=== WORK INSTRUCTION ===
Where the line with "Saturation1 : Saturate" appears below, start writing out lines exactly, and finish with the line with "Demux2/2 -> MATLAB", which is included; write out nothing else.
(DATASET EXTRACT begins)
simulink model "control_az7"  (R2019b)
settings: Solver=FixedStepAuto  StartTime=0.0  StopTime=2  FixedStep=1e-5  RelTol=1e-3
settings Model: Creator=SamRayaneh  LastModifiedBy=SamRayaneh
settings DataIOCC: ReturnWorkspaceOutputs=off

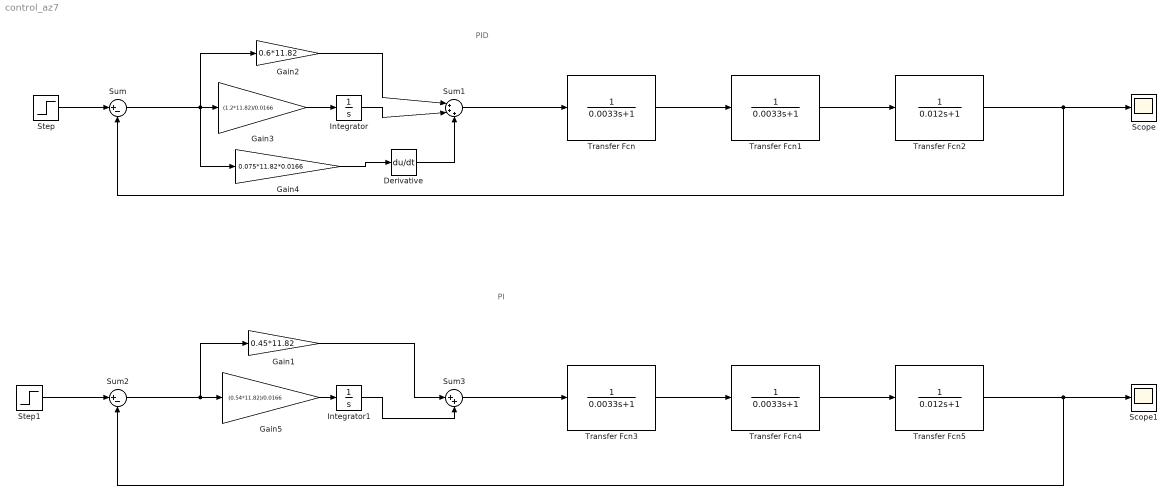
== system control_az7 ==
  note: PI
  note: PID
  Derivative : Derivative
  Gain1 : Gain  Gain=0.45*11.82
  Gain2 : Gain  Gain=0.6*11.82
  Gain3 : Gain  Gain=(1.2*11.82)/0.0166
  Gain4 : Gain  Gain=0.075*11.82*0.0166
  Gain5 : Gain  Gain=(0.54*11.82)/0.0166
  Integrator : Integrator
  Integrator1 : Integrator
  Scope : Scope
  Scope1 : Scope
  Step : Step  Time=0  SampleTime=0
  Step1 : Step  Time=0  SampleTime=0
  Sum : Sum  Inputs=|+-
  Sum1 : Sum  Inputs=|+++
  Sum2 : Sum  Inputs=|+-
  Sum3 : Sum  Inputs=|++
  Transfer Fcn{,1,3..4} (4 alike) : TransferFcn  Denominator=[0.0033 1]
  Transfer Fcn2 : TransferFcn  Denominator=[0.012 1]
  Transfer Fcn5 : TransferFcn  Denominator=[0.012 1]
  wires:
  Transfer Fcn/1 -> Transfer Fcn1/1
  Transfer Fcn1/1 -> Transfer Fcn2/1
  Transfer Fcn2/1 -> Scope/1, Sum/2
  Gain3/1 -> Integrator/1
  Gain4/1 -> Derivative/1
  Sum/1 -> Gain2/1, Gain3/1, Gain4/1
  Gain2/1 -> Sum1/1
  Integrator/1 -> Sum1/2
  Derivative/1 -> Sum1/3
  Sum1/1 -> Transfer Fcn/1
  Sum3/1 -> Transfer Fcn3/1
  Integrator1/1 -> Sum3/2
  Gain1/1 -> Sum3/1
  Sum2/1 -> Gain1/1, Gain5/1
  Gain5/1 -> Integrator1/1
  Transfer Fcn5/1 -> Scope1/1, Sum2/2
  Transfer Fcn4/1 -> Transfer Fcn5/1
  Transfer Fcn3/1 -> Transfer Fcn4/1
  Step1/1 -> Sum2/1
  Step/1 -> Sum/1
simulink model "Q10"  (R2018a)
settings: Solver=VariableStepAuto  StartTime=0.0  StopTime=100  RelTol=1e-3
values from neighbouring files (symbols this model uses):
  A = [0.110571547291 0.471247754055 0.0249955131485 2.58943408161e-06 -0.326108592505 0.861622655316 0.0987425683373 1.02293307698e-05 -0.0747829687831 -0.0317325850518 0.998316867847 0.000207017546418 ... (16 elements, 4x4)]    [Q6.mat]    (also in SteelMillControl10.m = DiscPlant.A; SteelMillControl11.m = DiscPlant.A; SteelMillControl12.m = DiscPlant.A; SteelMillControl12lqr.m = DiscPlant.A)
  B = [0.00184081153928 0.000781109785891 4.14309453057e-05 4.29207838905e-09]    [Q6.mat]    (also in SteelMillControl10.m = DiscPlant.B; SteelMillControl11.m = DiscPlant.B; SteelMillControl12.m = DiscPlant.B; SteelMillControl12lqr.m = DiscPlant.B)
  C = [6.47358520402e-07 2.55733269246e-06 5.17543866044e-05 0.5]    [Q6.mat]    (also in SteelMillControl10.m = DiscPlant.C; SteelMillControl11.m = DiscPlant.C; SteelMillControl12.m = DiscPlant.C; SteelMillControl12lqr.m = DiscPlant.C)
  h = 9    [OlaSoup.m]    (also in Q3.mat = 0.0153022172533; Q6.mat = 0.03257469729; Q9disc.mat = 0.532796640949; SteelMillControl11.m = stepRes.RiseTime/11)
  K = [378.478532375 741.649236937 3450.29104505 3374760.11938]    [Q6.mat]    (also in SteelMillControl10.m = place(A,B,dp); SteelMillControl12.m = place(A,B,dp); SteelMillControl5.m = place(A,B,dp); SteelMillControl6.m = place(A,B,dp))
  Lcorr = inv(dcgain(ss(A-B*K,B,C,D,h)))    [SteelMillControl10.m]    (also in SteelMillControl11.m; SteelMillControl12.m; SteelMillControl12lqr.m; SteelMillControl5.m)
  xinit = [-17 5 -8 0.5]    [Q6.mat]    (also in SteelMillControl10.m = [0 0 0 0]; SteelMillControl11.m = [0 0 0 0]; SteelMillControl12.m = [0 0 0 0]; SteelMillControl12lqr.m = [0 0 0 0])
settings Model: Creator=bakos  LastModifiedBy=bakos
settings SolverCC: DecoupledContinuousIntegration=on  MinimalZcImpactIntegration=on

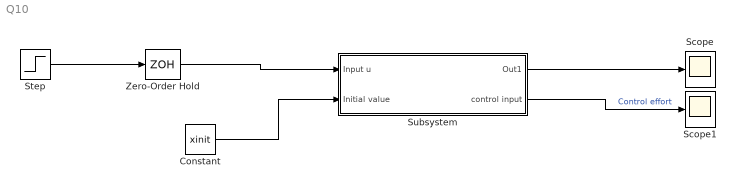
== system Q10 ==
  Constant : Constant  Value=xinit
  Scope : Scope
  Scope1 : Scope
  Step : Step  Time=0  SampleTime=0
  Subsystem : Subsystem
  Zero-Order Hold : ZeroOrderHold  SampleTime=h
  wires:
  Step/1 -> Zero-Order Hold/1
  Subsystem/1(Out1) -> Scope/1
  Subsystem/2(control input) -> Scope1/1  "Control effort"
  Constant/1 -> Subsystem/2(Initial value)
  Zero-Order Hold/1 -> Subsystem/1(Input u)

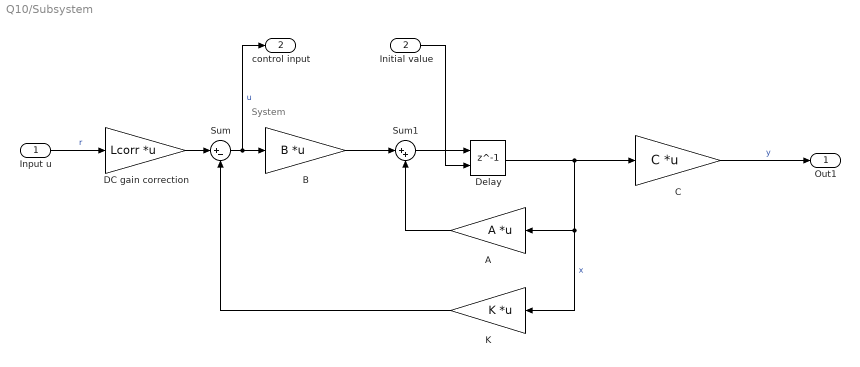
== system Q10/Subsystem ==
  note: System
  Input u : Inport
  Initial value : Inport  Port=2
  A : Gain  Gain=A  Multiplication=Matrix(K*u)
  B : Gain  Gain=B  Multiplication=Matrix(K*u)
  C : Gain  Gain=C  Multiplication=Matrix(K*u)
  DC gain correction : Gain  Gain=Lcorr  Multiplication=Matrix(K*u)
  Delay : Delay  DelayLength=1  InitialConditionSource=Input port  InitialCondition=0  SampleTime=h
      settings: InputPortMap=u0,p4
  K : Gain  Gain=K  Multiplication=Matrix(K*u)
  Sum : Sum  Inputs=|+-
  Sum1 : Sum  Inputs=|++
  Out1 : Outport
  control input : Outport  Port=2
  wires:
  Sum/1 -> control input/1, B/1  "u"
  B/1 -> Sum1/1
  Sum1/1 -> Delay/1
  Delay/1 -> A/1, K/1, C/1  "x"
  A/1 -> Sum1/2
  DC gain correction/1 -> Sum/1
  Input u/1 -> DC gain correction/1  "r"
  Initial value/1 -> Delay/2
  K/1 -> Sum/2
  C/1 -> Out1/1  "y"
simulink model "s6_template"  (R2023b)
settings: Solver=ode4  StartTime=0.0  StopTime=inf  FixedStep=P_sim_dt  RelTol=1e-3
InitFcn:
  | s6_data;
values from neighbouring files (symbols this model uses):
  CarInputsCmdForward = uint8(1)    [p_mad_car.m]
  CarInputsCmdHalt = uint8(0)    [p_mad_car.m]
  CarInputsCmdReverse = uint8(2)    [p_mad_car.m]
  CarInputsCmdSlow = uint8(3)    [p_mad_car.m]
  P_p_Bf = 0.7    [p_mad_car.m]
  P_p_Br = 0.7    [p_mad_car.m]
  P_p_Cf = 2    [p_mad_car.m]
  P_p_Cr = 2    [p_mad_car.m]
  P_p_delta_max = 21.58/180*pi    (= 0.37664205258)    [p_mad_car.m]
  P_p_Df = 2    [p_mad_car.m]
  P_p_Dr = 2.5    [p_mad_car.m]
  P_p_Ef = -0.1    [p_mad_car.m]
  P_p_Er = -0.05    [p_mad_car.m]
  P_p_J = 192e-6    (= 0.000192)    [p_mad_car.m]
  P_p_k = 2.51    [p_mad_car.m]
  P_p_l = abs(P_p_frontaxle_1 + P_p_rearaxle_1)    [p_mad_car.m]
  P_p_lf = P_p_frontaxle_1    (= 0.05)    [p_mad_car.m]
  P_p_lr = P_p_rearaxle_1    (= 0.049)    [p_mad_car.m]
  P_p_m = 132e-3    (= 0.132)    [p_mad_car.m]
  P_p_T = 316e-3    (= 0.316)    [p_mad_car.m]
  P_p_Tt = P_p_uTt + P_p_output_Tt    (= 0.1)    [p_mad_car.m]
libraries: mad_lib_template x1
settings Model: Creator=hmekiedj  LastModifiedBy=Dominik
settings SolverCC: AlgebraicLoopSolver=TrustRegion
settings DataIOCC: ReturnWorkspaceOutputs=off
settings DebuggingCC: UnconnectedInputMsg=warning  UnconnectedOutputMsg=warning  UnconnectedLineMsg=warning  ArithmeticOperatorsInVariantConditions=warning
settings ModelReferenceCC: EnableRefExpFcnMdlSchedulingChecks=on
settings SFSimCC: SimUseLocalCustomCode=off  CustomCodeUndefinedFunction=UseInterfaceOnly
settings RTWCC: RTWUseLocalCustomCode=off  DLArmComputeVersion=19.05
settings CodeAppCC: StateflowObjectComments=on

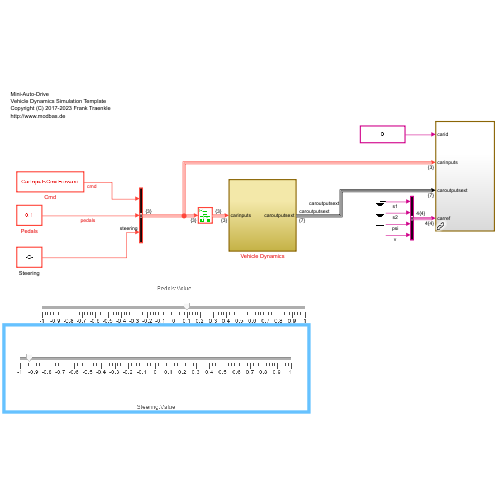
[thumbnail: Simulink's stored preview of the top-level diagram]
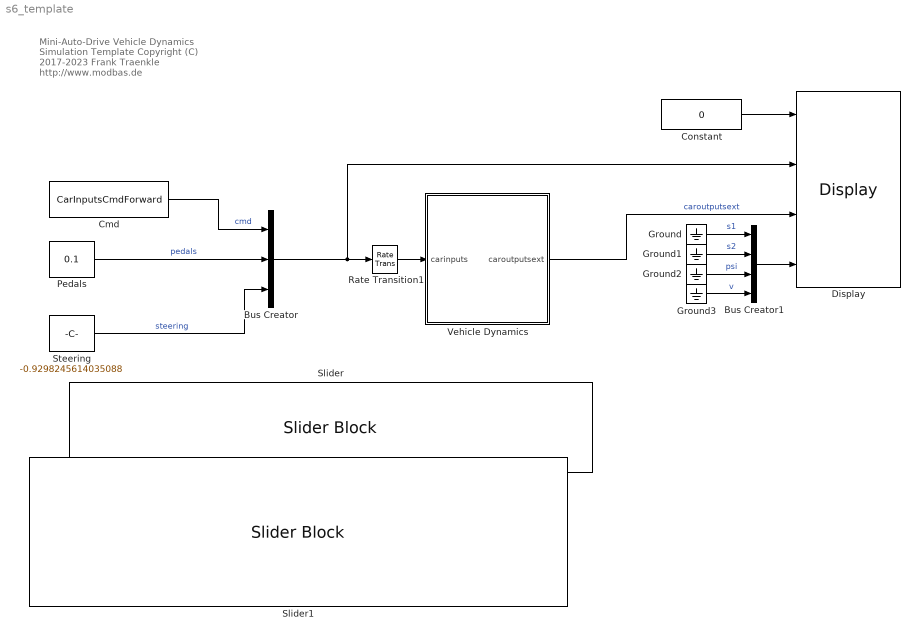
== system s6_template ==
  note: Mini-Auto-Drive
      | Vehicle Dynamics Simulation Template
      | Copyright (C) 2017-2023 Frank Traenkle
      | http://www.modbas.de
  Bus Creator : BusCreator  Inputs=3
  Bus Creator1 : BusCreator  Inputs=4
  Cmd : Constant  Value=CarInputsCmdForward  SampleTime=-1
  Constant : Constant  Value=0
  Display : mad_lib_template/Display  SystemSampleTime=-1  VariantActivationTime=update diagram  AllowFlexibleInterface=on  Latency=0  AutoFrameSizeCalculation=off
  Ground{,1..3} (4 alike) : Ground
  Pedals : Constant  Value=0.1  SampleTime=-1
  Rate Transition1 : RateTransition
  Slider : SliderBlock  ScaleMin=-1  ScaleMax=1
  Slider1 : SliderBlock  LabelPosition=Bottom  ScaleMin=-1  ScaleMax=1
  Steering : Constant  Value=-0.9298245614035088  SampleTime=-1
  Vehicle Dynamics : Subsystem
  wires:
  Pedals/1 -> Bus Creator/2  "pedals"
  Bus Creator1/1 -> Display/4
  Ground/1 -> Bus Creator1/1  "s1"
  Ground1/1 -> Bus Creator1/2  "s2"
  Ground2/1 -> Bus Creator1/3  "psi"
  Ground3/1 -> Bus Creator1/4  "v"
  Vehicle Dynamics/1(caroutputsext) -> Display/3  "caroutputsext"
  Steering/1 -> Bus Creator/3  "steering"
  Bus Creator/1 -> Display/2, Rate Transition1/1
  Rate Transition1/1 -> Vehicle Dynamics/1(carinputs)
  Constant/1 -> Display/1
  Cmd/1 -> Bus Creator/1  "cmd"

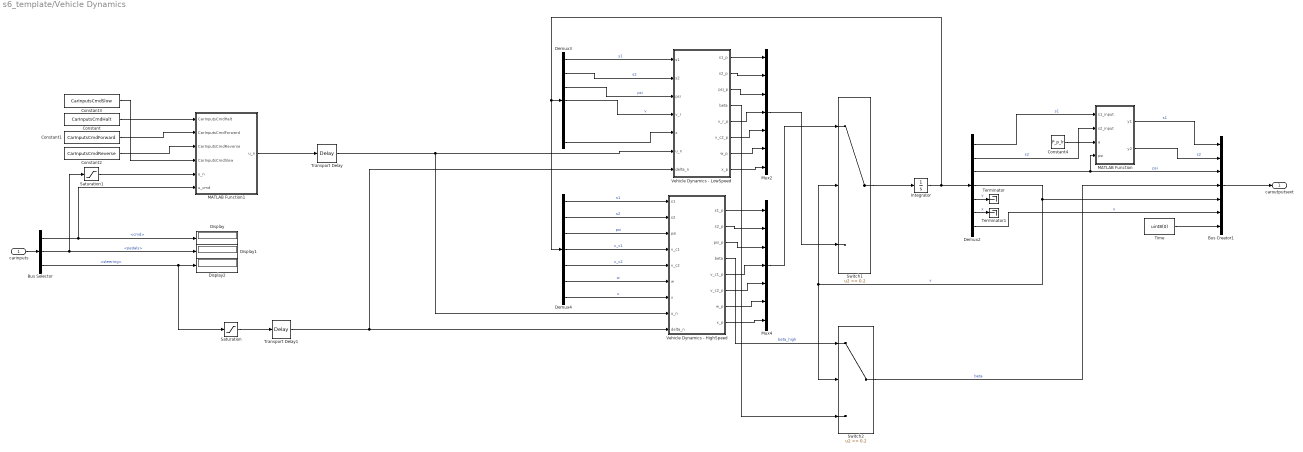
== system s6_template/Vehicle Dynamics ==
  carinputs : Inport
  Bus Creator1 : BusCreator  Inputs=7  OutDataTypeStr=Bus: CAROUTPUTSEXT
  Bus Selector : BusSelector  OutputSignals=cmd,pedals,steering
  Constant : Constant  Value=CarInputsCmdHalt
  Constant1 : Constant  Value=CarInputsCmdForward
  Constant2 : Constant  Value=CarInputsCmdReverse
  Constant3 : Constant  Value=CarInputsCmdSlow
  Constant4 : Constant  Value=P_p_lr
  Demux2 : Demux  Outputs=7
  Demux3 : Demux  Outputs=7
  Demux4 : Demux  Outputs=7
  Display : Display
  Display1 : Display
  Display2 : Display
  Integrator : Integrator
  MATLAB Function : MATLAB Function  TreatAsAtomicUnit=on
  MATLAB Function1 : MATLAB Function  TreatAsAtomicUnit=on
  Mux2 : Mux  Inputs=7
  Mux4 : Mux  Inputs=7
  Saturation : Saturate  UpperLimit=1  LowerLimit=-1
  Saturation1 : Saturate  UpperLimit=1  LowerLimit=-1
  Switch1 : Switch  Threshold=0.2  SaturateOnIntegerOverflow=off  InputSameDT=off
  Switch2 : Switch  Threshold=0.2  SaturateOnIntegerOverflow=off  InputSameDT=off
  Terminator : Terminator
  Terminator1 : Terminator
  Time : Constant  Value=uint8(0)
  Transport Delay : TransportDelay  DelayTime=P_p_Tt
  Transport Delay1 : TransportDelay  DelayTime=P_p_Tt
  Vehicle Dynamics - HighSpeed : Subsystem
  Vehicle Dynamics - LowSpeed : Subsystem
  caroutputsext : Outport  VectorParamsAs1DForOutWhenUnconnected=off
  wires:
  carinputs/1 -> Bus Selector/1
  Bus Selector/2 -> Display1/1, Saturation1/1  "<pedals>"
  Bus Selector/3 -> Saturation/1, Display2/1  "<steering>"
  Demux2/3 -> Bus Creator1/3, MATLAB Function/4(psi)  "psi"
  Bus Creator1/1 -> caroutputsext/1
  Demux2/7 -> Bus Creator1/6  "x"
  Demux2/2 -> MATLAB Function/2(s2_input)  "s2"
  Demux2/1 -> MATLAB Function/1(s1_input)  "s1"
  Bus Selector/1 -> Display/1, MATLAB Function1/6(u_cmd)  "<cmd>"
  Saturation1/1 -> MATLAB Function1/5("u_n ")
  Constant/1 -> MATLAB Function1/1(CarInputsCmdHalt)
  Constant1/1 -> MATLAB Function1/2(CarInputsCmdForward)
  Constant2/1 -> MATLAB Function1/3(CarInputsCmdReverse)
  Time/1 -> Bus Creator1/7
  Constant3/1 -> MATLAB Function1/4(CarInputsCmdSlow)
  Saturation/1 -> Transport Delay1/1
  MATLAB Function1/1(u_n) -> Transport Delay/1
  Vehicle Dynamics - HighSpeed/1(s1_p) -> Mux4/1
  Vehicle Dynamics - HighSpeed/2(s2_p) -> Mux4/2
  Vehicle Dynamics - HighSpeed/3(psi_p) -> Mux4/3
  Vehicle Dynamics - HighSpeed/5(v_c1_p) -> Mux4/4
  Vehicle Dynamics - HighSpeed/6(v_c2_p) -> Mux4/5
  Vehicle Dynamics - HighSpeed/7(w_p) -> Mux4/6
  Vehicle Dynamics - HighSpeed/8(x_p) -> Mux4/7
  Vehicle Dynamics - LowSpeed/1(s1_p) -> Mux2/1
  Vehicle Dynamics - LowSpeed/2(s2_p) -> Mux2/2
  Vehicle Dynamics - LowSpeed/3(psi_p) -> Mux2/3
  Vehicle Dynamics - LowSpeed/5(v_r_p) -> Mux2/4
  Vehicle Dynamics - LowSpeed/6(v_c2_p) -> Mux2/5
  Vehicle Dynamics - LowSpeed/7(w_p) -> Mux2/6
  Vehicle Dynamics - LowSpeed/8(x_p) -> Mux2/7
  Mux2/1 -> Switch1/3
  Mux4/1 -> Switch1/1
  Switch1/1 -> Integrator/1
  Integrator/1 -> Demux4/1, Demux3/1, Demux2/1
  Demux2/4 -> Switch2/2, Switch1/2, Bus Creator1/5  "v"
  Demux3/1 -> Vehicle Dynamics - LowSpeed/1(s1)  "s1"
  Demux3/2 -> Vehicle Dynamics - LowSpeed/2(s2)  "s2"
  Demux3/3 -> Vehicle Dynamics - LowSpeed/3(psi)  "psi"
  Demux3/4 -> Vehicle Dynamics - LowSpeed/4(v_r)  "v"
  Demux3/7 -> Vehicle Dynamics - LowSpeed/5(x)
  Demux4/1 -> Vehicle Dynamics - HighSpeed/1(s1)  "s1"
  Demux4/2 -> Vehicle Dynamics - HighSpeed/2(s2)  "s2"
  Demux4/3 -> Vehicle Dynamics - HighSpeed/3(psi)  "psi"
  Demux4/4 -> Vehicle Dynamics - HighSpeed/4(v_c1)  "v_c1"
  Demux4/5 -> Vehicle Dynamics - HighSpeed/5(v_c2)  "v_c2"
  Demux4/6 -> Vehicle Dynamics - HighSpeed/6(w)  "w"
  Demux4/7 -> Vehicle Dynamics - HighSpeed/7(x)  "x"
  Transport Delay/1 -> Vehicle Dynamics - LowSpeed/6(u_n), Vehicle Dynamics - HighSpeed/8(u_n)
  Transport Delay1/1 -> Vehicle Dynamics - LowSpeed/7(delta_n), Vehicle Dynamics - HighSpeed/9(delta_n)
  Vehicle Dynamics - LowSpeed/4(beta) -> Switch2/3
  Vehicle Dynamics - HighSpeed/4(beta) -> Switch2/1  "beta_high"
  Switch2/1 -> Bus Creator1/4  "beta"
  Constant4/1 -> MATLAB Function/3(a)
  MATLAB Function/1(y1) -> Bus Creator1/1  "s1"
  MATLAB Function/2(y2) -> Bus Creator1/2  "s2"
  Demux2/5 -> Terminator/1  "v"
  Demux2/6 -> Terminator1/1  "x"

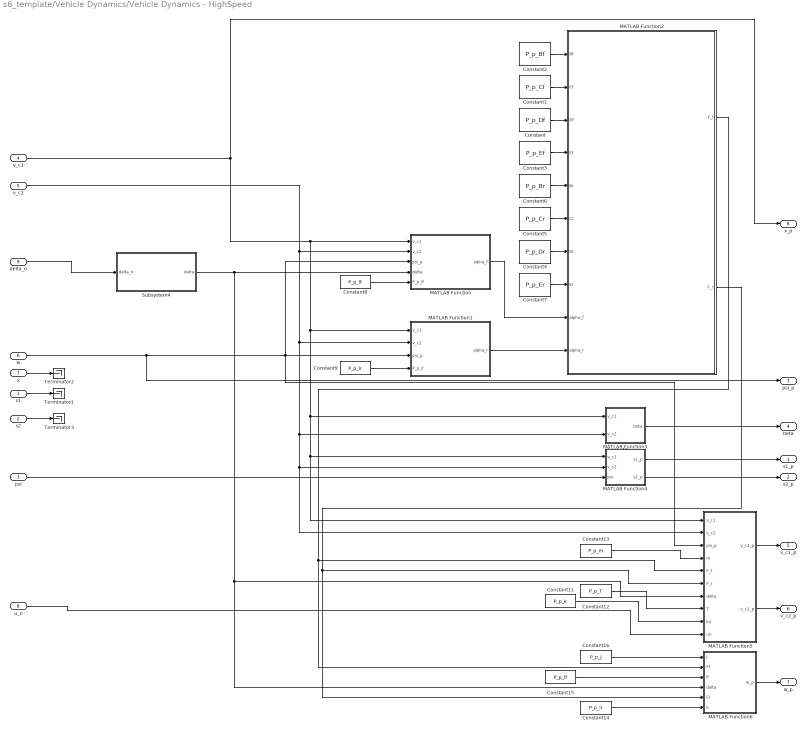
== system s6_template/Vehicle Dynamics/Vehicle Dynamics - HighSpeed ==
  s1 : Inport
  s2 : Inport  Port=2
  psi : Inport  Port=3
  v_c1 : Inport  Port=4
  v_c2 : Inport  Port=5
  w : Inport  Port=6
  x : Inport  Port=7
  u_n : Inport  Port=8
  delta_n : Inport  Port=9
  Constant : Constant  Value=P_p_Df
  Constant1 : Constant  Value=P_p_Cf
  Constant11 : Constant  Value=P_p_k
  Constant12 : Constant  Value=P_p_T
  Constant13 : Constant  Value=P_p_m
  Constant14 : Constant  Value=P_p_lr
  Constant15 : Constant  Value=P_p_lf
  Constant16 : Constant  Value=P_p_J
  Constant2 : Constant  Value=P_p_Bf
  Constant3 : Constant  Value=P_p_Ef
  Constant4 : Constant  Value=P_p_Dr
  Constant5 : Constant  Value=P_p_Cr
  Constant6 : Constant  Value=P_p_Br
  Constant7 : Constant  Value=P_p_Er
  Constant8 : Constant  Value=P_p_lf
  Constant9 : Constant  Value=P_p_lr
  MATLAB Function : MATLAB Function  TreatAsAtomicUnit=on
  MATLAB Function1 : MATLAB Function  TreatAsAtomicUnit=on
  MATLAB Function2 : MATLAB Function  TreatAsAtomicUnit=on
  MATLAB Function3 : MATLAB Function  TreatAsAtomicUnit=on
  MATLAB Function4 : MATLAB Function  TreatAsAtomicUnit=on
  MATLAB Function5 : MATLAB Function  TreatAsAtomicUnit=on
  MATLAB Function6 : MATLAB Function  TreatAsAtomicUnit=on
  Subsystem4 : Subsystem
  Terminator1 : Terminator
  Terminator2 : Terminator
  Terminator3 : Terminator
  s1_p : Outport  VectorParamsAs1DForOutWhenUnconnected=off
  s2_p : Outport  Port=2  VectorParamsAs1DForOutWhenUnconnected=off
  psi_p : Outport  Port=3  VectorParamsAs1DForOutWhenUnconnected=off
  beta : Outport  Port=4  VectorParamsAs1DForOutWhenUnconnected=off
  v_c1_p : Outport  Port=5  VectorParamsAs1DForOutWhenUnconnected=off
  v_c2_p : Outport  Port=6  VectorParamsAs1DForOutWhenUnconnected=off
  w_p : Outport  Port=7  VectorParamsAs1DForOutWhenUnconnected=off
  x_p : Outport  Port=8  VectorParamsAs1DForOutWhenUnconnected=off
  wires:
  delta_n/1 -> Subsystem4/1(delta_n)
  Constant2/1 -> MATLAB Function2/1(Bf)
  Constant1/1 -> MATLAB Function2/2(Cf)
(DATASET EXTRACT ends)
=== REPLY TO THE EXERCISE ===
  Saturation1 : Saturate  UpperLimit=1  LowerLimit=-1
  Switch1 : Switch  Threshold=0.2  SaturateOnIntegerOverflow=off  InputSameDT=off
  Switch2 : Switch  Threshold=0.2  SaturateOnIntegerOverflow=off  InputSameDT=off
  Terminator : Terminator
  Terminator1 : Terminator
  Time : Constant  Value=uint8(0)
  Transport Delay : TransportDelay  DelayTime=P_p_Tt
  Transport Delay1 : TransportDelay  DelayTime=P_p_Tt
  Vehicle Dynamics - HighSpeed : Subsystem
  Vehicle Dynamics - LowSpeed : Subsystem
  caroutputsext : Outport  VectorParamsAs1DForOutWhenUnconnected=off
  wires:
  carinputs/1 -> Bus Selector/1
  Bus Selector/2 -> Display1/1, Saturation1/1  "<pedals>"
  Bus Selector/3 -> Saturation/1, Display2/1  "<steering>"
  Demux2/3 -> Bus Creator1/3, MATLAB Function/4(psi)  "psi"
  Bus Creator1/1 -> caroutputsext/1
  Demux2/7 -> Bus Creator1/6  "x"
  Demux2/2 -> MATLAB Function/2(s2_input)  "s2"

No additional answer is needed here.